# Juicy Valentine!



## Waiushaoting (Jun 6, 2009)

We are back! I've been so busy with school and work that I haven't had time to spend on the forum. I finally had some spare time this week so I figured I'd do a valentine post!

Here are pictures of Mimi enjoying her valentine themed items. She is waiting patiently for her valentine!

Juicy Couture's Valentine Tracksuit.









Enjoying the flowers!









Waiting patiently...


















Will you be my valentine?









Oscar Newman's flower garden blanket.


----------



## chideb (Jan 29, 2008)

Now that is a star in the making..lol wonderful poses and such a lovely outfit. We love the blanket/quilt.


----------



## xxxxdeedde (Jul 3, 2008)

Adorable! I love the tracksuit  x


----------



## Terri (Aug 21, 2009)

Beautiful!
Who could resist her?
Love that blanket, looks so soft and comfy too. xx


----------



## rache (Nov 10, 2009)

Aww what a pretty girl x


----------



## *Princess* (Feb 7, 2009)

Beautiful .love the tracksuit x


----------



## rachellauren (Oct 15, 2008)

love the necklace, although if macy had one, I might end up stealing it for myself, lol!


----------



## Jerry'sMom (May 5, 2009)

Mimi looks fantastic in her Juicy wear! So glad you posted! 
You have been missed  http://www.chihuahua-people.com/showthread.php?t=48341


----------



## Brodysmom (Jan 8, 2009)

JayR! You must put down that homework and make time for us!! We miss you when you are gone!  GREAT pics of Mimi enjoying her lovely gifts. She is a little doll and so beautiful. Her necklace is gorgeous and I love that blanket and tracksuit!


----------



## rubia (Jul 3, 2008)

Wow Mimi is ready alright. Look at her--are her nails done in red for Valentine's day too. You go all out--she looks so cute.


----------



## pigeonsheep (Nov 8, 2008)

mimi ur alive!!! and so are u jay! LOL lovely nwcklace, is it new?  love the pink tracksuit! hehehe hope everything is well with u in school and such. where is ecko!!!


----------



## lynx8456 (Feb 26, 2009)

So very cute...she looks like a little Diva in her Juicy.


----------



## Waiushaoting (Jun 6, 2009)

Jerry'sMom said:


> Mimi looks fantastic in her Juicy wear! So glad you posted!
> You have been missed  http://www.chihuahua-people.com/showthread.php?t=48341


Aww thank you for the post! Good thing you posted the link on here cuz I probably wouldn't have found it till later since i have a lot of catching up to do in the picture section!


----------



## Waiushaoting (Jun 6, 2009)

pigeonsheep said:


> mimi ur alive!!! and so are u jay! LOL lovely nwcklace, is it new?  love the pink tracksuit! hehehe hope everything is well with u in school and such. where is ecko!!!

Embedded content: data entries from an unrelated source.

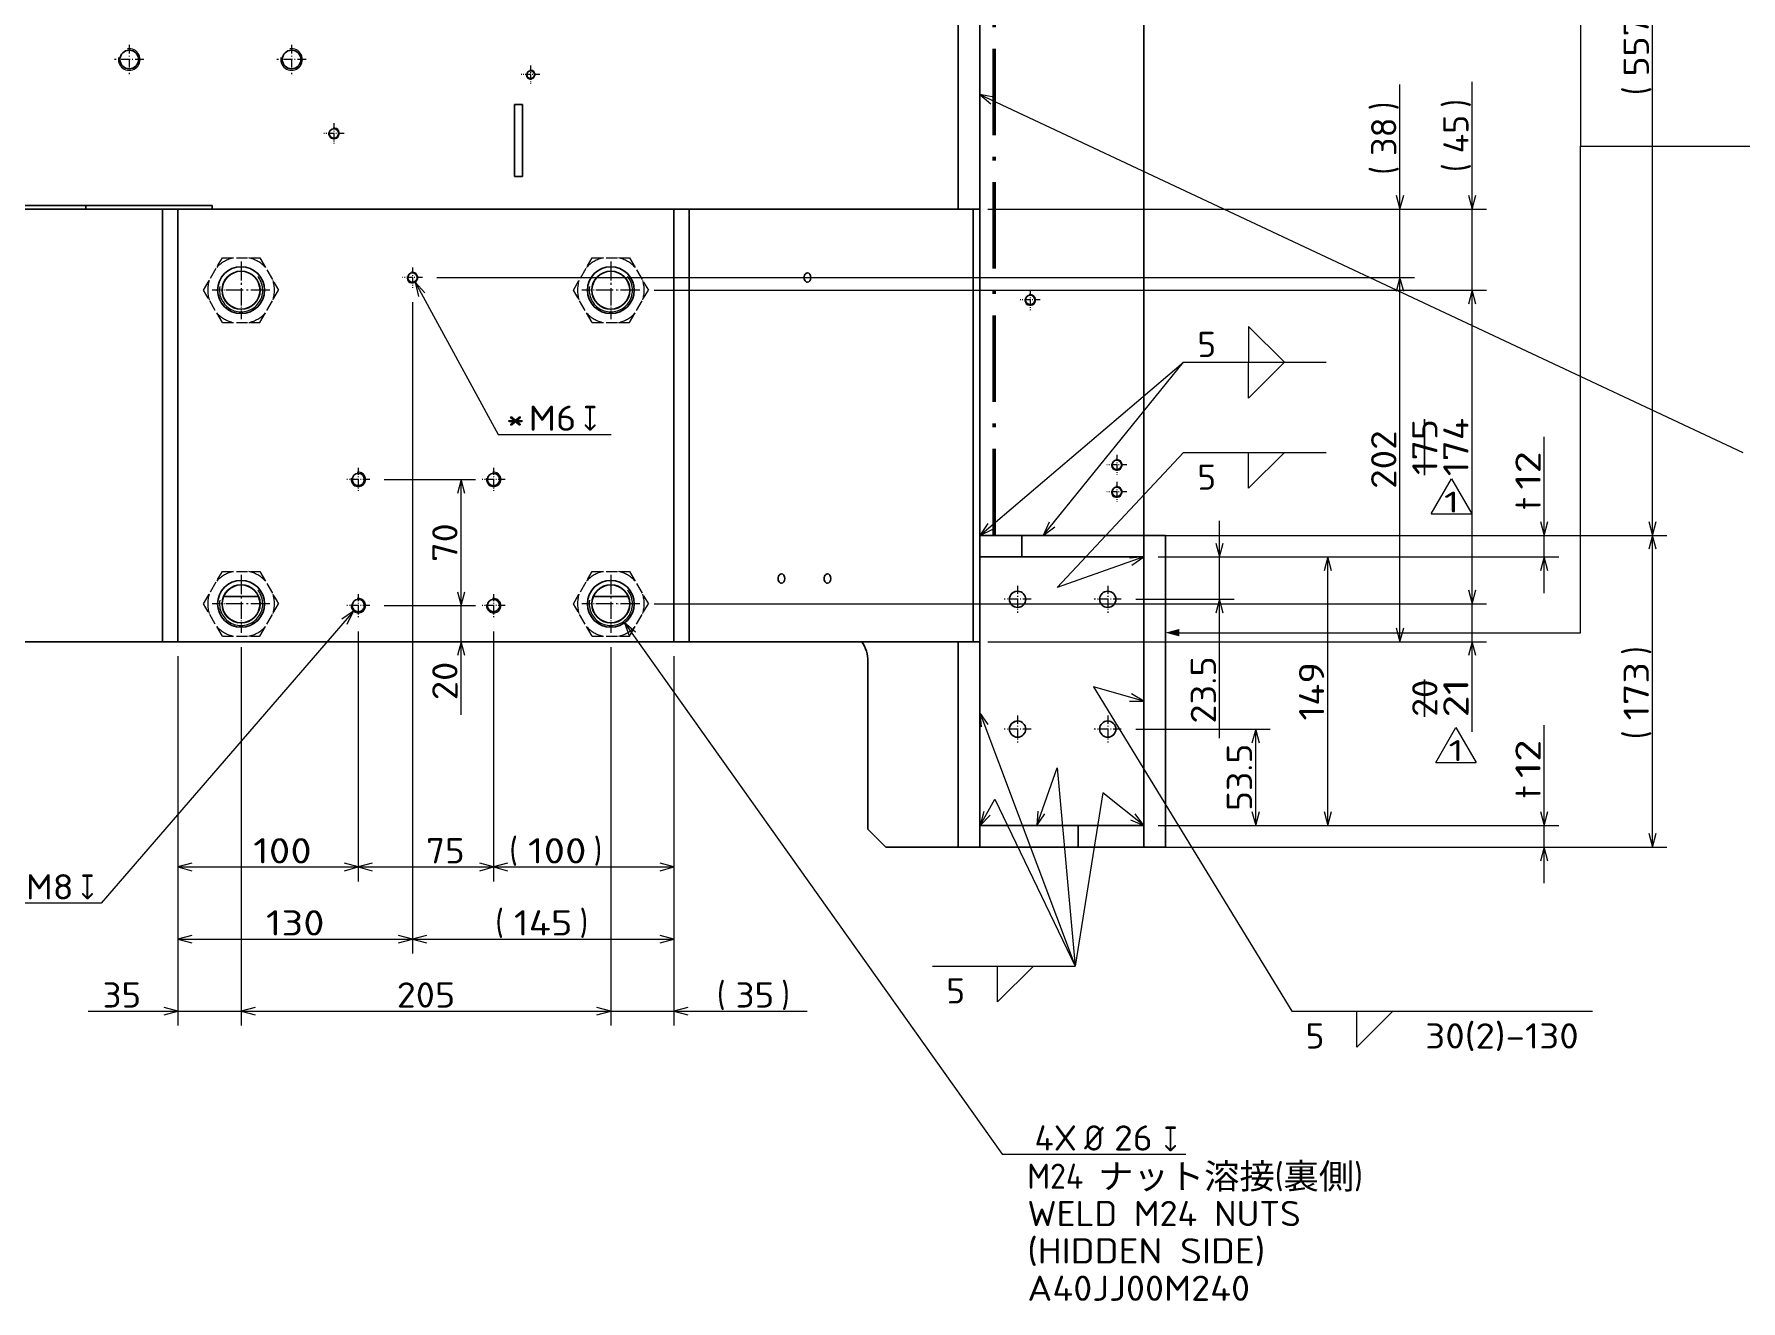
# Model space of a CAD drawing. Extents: x 0 to 1254, y -12 to 833.
# Drawn here: x 532 to 768.6, y 475.7 to 651.4 of the extents above; entities that cross this region are included whole.
import ezdxf
from ezdxf.enums import TextEntityAlignment as Align

# ---------------------------------------------------------------- set-up
doc = ezdxf.new("R2010")
doc.units = 0
for name, pattern in [('DASHDOT', [18.5, 12, -3, 0.5, -3]), ('DASHED', [15, 12, -3]), ('DASHSPACE', [30, 12, -18])]:
    doc.linetypes.add(name, pattern=pattern)
doc.layers.get('0').update_dxf_attribs({"lineweight": 13})
doc.styles.add('GDT', font='gdt.shx')
doc.styles.get("Standard").update_dxf_attribs({"font": 'isocp.shx'})
doc.dimstyles.get("Standard").update_dxf_attribs({"dimtxt": 2.5, "dimasz": 2.5, "dimexe": 1.25, "dimexo": 0.625, "dimtad": 1, "dimcen": 2.5, "dimadec": 0, "dimazin": 0, "dimtfac": 1, "dimtmove": 0, "dimatfit": 0, "dimfxl": 1, "dimarcsym": 0})

# ---------------------------------------------------------------- blocks, each defined once
blk = doc.blocks.new('*D280')
at = {"color": 7, "lineweight": 13}
for p, q in [((741.336303, 533.582225), (741.336303, 555.50932)), ((687.836303, 541.582225), (743.336303, 541.582225)), ((687.836303, 538.582225), (743.336303, 538.582225))]:
    blk.add_line(p, q, dxfattribs=at)
for points in [[(740.818664, 543.514075), (741.336303, 541.582225), (741.853942, 543.514075)], [(741.853942, 536.650374), (741.336303, 538.582225), (740.818664, 536.650374)]]:
    blk.add_lwpolyline(points, dxfattribs=at)
for s, width, p, p2 in [('12', 0.868247, (740.836303, 548.155131), (740.836303, 553.509318)), ('t', 1.092485, (740.836303, 545.334319), (740.836303, 547.155127))]:
    blk.add_text(s, height=3.5, rotation=90, dxfattribs=dict(at, width=width)).set_placement(p, p2, align=Align.FIT)
blk = doc.blocks.new('*D281')
at = {"color": 7, "lineweight": 13}
for p, q in [((741.336303, 573.832225), (741.336303, 595.50932)), ((687.836303, 581.832225), (743.336303, 581.832225)), ((687.836303, 578.832225), (743.336303, 578.832225))]:
    blk.add_line(p, q, dxfattribs=at)
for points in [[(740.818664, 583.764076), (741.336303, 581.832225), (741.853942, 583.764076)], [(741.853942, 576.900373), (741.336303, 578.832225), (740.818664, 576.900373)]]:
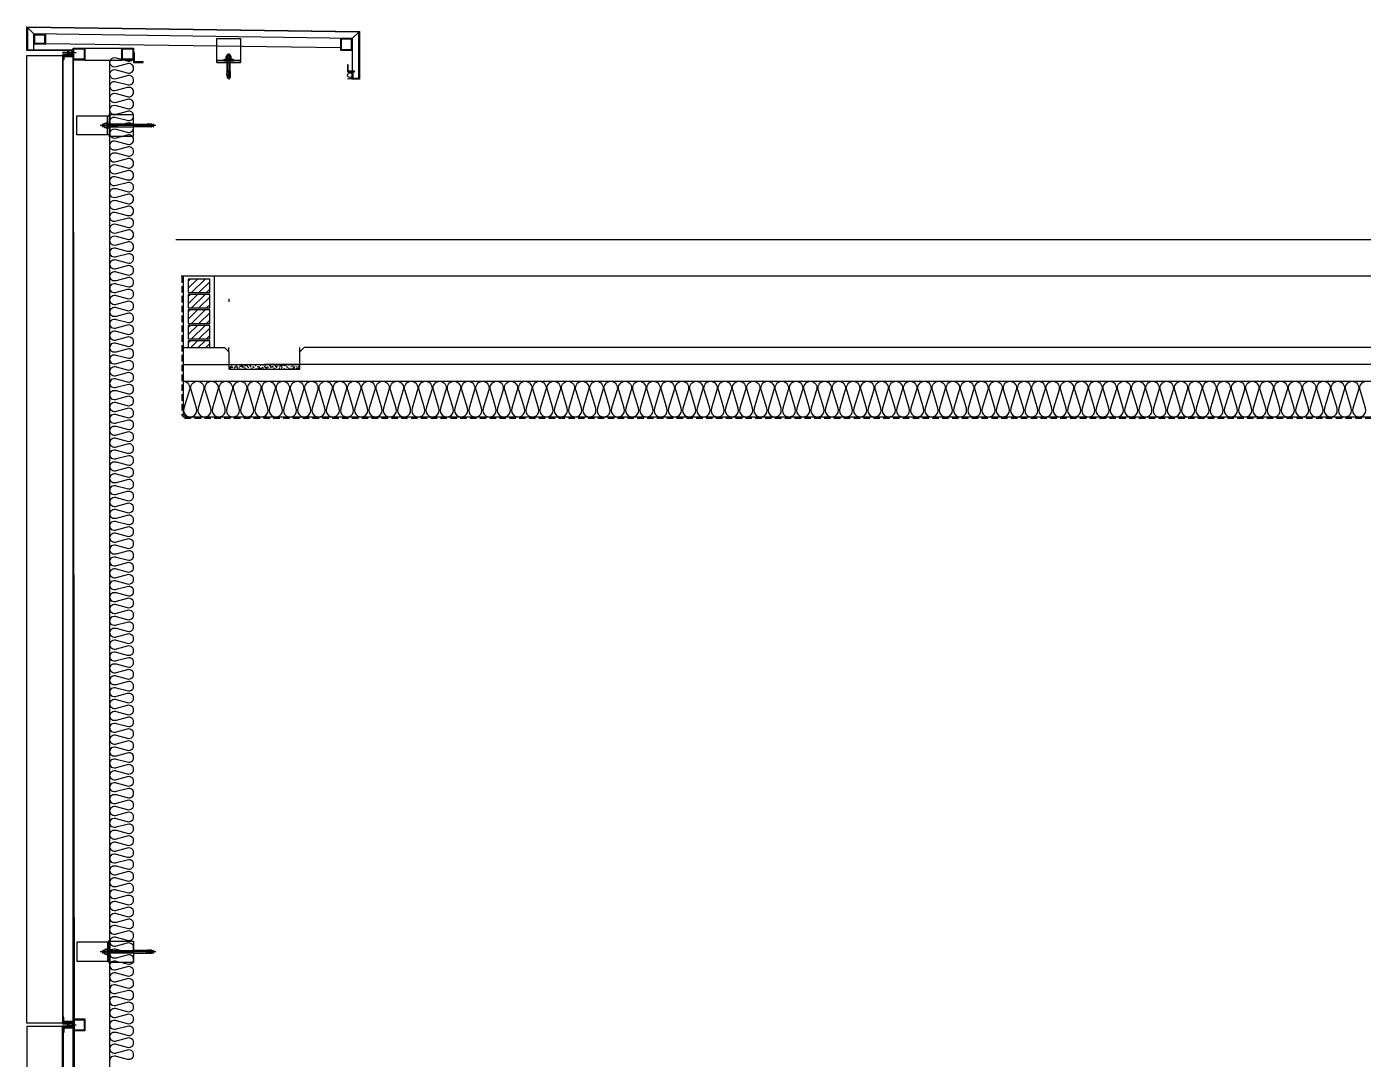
# Model space of a CAD drawing. Header units: millimetres. Extents: x -75040 to 92617, y -36837 to 48530.
# Drawn here: x 2950 to 8575, y 42805 to 47150 of the extents above; entities that cross this region are included whole.
import ezdxf

# ---------------------------------------------------------------- set-up
doc = ezdxf.new("R2010")
doc.units = ezdxf.units.MM
doc.header["$LTSCALE"] = 60
doc.linetypes.add('HID', pattern=[2.3, 1.5, -0.8])
for name, color, linetype in [('0-Sheet', 7, 'Continuous'), ('A-ELE-9', 9, 'Continuous'), ('A-ETC-8', 8, 'Continuous'), ('A-FIN', 6, 'Continuous'), ('A-FIN-8', 8, 'Continuous'), ('A-FIN-9', 7, 'Continuous'), ('A-FIN-HANDRAIL', 5, 'Continuous'), ('A-hat', 8, 'Continuous'), ('A-HAT-9', 9, 'Continuous'), ('A-HAT-MATL', 8, 'Continuous'), ('A-HAT-WIREMESH', 9, 'g_mesh'), ('A-WALL', 3, 'Continuous'), ('A-WP', 1, 'HID'), ('INSUL', 8, 'Continuous'), ('ISL', 251, 'Continuous')]:
    doc.layers.add(name, color=color, linetype=linetype)
doc.layers.add('NOPLOT', color=191, linetype='Continuous', plot=False)
doc.styles.add('Gdim', font='')
doc.styles.get('Gdim').set_extended_font_data('Dotum')
doc.linetypes.add('g_mesh', pattern='A,10,-0.8,["X",Gdim,S=0.6,R=0,X=-0.15,Y=-0.3],-0.8', length=11.6)

# ---------------------------------------------------------------- blocks, each defined once
blk = doc.blocks.new('A$Cab6a45e4')
at = {"layer": 'A-HAT-9'}
h = blk.add_hatch(dxfattribs=at)
h.set_pattern_fill('AR-SAND', color=256, scale=0.3)
h.set_pattern_definition([(37.5, (-113396.389, 321984.363), (-0.4800094, 14.6823971), [0, -11.5824, 0, -12.954, 0, -12.3825]), (7.5, (-113396.389, 321984.363), (13.4856985, 21.504753), [0, -6.2484, 0, -10.4394, 0, -4.0005]), (327.5, (-113405.761, 321984.363), (23.7297711, 0.04311554), [0, -3.81, 0, -13.716, 0, -17.907]), (317.5, (-113405.761, 321984.363), (22.9066936, 6.6878797), [0, -1.905, 0, -8.9916, 0, -10.287])])
h.paths.add_polyline_path([(0, 45), (300, 45), (300, 25), (0, 25)])
at = {"layer": 'A-FIN'}
for points in [[(-18, 116), (0, 98), (0, 25), (300, 25), (300, 98), (318, 116)], [(0, 45), (300, 45)]]:
    blk.add_lwpolyline(points, dxfattribs=at)
at = {"layer": 'NOPLOT'}
for p, q in [((0, 98), (0, 116)), ((300, 98), (300, 116))]:
    blk.add_line(p, q, dxfattribs=at)
blk = doc.blocks.new('A$C632c858f')
at = {"layer": 'A-ETC-8'}
blk.add_arc((-2.8, 0), 24, 341.8248, 18.1752, dxfattribs=at)
blk.add_ellipse((34, 0), major_axis=(7.59, 0), ratio=0.987937, dxfattribs=at)
at = {"layer": 'NOPLOT'}
blk.add_line((0, 0), (58.4, 0), dxfattribs=at)
for points in [[(0, 7.5), (41, 7.5)], [(0, -7.5), (41, -7.5)]]:
    blk.add_lwpolyline(points, dxfattribs=at)
blk = doc.blocks.new('A$Cae507117')
at = {"layer": 'A-ETC-8'}
for points in [[(-50, 0), (-50, -50), (0, -50), (0, 0)], [(-46.8, -3.2), (-46.8, -46.8), (-3.2, -46.8), (-3.2, -3.2)]]:
    blk.add_lwpolyline(points, close=True, dxfattribs=at)
blk = doc.blocks.new('너트 M12')
for p, q in [((-9, 0), (9, 0)), ((-9.5, -9), (-9.5, -0.5)), ((9, -9.5), (-9, -9.5)), ((0, -8.3), (0, -1.2)), ((9.5, -0.5), (9.5, -9))]:
    blk.add_line(p, q)
for centre, start, end in [((-9, -0.5), 90, 180), ((-9, -9), 180, 270), ((9, -0.5), 0, 90), ((9, -9), 270, 0)]:
    blk.add_arc(centre, 0.5, start, end)
at = {"extrusion": (0, 0, -1)}
for centre, major_axis, ratio, start_param, end_param in [((-4.8, -0.9), (-4.75, 0.31), 0.185359, -0.024388, 3.141593), ((4.8, -0.9), (4.75, 0.31), 0.185108, 3.141593, 6.30754), ((-4.8, -8.6), (4.75, 0.31), 0.187111, 0, 3.166211), ((4.8, -8.6), (-4.75, 0.31), 0.185991, 3.117121, 6.283185)]:
    blk.add_ellipse(centre, major_axis=major_axis, ratio=ratio, start_param=start_param, end_param=end_param, dxfattribs=at)
blk = doc.blocks.new('A$C72d8c3b6')
at = {"layer": 'A-ETC-8'}
for p, q in [((94, 0), (-141, 0)), ((-131, 4.5), (-129.5, 6)), ((-121, 4.5), (-131, 4.5)), ((-131, -4.5), (-131, 4.5)), ((-121, 6), (-129.5, 6)), ((-129.5, -6), (-129.5, 6)), ((0, 6), (-109.5, 6)), ((0, 6), (54, 6)), ((54, -6), (54, 6)), ((54, 6), (57, 6)), ((57, -6), (57, 6)), ((71, 4.5), (57, 4.5)), ((57.6, 6.2), (57.6, -6.2)), ((60.6, 6.2), (57.6, 6.2)), ((60.6, 6.2), (75.6, 6.2)), ((61.6, -2), (61.6, 2)), ((65.6, 1.5), (65.6, 2)), ((66.1, 1), (72.7, 1)), ((71, 4.5), (82, 6)), ((76.1, 2.7), (74.3, 1.5)), ((76.6, 5.2), (76.6, 3.5)), ((82, 6), (82.5, 6)), ((84, 4.5), (84, -4.5)), ((-120.8, -4.5), (-131, -4.5)), ((-131, -4.5), (-129.5, -6)), ((-121, -6), (-129.5, -6)), ((-109.5, -6), (0, -6)), ((54, -6), (0, -6)), ((57, -6), (54, -6)), ((71, -4.5), (57, -4.5)), ((60.6, -6.2), (57.6, -6.2)), ((75.6, -6.2), (60.6, -6.2)), ((65.6, -2), (65.6, -1.5)), ((66.1, -1), (72.7, -1)), ((82, -6), (71, -4.5)), ((76.1, -2.7), (74.3, -1.5)), ((76.6, -3.5), (76.6, -5.2)), ((82.5, -6), (82, -6))]:
    blk.add_line(p, q, dxfattribs=at)
for points in [[(-238.5, 40), (-103.5, 40), (-103.5, -40), (-238.5, -40)], [(-109.5, 15), (-109.5, -15), (-111.5, -15), (-111.5, 15)], [(-103.5, -40), (-109.5, -40), (-109.5, 40), (-103.5, 40)], [(-100, 44.5), (-100, -44.5), (0, -44.5), (0, 44.5)]]:
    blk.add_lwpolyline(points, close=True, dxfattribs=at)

Yes we are still alive, just busy. The necklace is not new, i just thought it matched the valentine's day theme. School and work is good, did i mention it was busy =p. Ecko was sleeping when we were taking pictures. I didn't want to wake him. It was around 11:30pm and that is like his bedtime lol.


----------



## Waiushaoting (Jun 6, 2009)

rachellauren said:


> love the necklace, although if macy had one, I might end up stealing it for myself, lol!


LOL, this made me laugh. It would be funny to see somebody playing tug of war with a dog over a necklace =p.


----------



## Adrienne (Apr 3, 2009)

I love it!! what is the website do you use?


----------



## TLI (Sep 3, 2008)

There you are JayR! I had wondered where you guys went. We missed you! So glad to see you back. Mimi looks like a doll in her pretties.  Stick around, K.


----------



## Waiushaoting (Jun 6, 2009)

Adrienne said:


> I love it!! what is the website do you use?


I got these from oscarnewman.com and juicycouture.com. =)


----------



## cocochihuahua (Jun 2, 2006)

Im lovin mimis style!!11I so need to get one of those juicy bags for glitter!I love that play matt too!!ahh lush!


----------



## edel (Sep 6, 2009)

omg those photos are just to cute  what a lil sweetie love all her new stuff really fab


----------



## FBRaRrN (May 1, 2006)

So cute I love seeing her in her clothes and all she is so cute and has such good poses.I really wish my boy had alot of clothing but it is easier to find cute girl clothes then boy clothes.BTW I want to see more pics lol I love her.


----------



## Waiushaoting (Jun 6, 2009)

TLI said:


> There you are JayR! I had wondered where you guys went. We missed you! So glad to see you back. Mimi looks like a doll in her pretties.  Stick around, K.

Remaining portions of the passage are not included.